TASK DESCRIPTION
Below are entries; work out how many of their lines include the string "linetypes", and reply with the number only.

##########

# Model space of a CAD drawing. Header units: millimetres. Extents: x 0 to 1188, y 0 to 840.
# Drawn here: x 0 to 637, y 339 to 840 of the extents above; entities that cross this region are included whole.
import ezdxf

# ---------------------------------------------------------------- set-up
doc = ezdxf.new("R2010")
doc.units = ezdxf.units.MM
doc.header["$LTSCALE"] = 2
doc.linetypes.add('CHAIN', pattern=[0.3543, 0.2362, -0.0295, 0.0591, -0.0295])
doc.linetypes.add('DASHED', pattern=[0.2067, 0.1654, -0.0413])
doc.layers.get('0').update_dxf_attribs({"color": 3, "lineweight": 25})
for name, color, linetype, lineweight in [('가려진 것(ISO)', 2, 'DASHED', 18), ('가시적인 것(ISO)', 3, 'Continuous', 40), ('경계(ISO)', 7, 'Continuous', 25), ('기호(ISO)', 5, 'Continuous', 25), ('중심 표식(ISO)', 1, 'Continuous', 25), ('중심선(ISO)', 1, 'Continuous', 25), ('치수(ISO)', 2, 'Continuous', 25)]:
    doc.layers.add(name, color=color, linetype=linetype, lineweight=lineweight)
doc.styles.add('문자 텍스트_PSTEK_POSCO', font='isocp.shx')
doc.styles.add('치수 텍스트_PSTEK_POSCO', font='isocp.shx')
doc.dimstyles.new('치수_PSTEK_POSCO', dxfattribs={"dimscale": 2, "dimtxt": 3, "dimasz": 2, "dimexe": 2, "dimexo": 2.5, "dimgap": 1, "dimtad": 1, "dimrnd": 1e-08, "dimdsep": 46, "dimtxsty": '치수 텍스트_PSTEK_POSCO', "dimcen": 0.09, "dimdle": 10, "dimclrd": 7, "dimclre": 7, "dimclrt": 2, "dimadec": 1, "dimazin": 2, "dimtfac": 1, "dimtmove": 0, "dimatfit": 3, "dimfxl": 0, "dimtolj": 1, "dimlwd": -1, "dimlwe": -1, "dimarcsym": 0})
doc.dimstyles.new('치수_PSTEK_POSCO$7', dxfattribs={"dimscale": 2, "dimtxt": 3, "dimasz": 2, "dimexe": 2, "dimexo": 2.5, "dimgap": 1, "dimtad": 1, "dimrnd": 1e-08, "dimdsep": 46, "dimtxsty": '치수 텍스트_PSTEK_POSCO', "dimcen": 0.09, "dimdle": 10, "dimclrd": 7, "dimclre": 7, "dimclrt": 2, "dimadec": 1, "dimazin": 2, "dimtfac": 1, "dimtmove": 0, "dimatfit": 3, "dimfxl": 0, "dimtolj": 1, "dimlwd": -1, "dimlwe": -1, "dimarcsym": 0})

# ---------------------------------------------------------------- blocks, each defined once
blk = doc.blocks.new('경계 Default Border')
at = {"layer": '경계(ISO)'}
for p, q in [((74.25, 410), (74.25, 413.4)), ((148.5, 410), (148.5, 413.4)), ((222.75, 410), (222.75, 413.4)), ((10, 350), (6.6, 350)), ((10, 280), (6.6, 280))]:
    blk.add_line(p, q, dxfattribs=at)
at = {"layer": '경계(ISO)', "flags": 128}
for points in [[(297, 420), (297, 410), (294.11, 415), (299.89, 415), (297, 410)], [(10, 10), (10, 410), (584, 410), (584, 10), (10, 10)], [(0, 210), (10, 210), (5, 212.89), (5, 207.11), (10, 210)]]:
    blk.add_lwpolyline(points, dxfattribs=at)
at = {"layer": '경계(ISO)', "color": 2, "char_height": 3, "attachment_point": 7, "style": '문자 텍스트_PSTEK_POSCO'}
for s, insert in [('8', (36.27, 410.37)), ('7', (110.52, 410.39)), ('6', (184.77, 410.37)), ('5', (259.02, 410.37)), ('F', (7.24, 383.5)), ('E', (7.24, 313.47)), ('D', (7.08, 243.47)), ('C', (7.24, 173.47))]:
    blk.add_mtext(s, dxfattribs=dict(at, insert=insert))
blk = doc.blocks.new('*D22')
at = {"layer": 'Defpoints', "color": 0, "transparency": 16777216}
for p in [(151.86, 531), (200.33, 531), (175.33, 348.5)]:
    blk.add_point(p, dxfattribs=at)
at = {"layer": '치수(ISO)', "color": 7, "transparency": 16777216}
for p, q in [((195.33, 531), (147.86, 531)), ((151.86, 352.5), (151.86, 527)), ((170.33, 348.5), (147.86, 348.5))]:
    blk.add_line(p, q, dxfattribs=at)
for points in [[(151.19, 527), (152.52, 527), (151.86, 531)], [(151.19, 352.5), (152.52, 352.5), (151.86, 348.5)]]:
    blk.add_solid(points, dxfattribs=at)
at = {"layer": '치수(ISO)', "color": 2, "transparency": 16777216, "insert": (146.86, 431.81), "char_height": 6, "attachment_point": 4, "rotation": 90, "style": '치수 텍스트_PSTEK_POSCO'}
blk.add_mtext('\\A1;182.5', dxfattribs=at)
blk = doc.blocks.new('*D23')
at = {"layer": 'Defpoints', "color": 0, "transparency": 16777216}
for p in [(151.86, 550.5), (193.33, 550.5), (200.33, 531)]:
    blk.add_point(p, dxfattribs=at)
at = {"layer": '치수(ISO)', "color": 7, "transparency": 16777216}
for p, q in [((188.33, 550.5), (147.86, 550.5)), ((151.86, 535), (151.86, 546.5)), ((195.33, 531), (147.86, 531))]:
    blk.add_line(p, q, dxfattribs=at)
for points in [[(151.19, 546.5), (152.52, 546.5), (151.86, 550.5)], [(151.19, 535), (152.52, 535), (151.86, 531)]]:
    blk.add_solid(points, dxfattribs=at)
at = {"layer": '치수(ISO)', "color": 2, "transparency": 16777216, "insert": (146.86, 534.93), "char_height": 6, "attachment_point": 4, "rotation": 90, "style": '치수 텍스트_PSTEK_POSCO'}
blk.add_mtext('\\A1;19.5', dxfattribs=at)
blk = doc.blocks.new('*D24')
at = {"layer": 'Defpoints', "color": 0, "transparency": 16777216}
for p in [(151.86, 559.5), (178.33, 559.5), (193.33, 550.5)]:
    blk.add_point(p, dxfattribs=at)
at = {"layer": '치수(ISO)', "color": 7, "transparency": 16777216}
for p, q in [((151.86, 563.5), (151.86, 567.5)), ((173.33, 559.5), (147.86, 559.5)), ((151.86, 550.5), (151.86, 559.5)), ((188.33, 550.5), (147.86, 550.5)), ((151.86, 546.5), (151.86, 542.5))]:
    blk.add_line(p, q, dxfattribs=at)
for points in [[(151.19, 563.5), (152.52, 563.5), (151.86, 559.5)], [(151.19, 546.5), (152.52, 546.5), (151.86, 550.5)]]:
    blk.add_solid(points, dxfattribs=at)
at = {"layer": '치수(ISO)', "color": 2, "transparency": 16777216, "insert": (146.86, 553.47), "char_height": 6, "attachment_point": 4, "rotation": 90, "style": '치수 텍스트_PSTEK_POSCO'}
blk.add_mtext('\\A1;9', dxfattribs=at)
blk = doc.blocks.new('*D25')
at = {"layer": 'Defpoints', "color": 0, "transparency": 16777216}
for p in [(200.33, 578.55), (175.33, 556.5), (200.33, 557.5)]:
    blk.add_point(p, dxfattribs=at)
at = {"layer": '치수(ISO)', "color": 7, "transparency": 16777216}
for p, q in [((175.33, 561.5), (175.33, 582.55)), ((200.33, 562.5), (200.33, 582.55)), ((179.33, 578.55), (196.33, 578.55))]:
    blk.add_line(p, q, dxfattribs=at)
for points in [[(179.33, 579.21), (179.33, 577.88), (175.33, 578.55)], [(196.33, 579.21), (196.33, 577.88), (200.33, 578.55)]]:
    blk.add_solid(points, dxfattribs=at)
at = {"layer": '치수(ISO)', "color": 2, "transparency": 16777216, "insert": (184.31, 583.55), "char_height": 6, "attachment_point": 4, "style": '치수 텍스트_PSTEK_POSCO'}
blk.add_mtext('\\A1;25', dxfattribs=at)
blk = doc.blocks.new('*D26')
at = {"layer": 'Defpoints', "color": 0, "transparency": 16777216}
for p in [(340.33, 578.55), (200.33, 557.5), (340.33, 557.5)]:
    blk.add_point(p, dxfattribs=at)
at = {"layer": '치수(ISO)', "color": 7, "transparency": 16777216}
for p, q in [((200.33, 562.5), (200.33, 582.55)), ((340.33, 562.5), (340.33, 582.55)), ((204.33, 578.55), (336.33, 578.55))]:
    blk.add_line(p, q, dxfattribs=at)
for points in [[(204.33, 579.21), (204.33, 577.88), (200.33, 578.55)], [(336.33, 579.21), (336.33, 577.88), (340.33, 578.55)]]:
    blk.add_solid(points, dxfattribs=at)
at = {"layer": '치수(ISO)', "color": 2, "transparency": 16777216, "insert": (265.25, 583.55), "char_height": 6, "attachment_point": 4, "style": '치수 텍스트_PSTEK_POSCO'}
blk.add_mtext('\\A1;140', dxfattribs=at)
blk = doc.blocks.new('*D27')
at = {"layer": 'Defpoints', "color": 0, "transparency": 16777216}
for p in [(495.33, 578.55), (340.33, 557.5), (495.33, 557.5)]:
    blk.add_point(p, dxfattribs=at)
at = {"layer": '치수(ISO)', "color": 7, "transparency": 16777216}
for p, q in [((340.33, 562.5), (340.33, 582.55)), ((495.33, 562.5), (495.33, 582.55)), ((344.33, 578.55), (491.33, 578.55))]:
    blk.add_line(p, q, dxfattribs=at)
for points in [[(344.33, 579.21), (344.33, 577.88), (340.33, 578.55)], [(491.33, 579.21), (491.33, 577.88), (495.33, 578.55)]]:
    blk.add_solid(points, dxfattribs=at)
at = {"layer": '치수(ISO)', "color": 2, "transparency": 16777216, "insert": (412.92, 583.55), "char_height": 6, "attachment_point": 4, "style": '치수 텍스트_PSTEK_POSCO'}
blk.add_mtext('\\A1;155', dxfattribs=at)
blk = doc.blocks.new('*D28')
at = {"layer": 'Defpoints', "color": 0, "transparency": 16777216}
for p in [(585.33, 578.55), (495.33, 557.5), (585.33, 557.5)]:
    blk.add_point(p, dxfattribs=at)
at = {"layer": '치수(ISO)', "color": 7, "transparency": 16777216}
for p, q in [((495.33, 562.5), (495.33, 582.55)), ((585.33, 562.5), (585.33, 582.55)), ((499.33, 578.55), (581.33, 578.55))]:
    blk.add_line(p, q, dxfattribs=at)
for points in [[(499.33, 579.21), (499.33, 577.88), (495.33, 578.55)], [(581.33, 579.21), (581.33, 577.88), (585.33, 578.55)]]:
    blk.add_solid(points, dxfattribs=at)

##########

EXERCISE ANSWER
2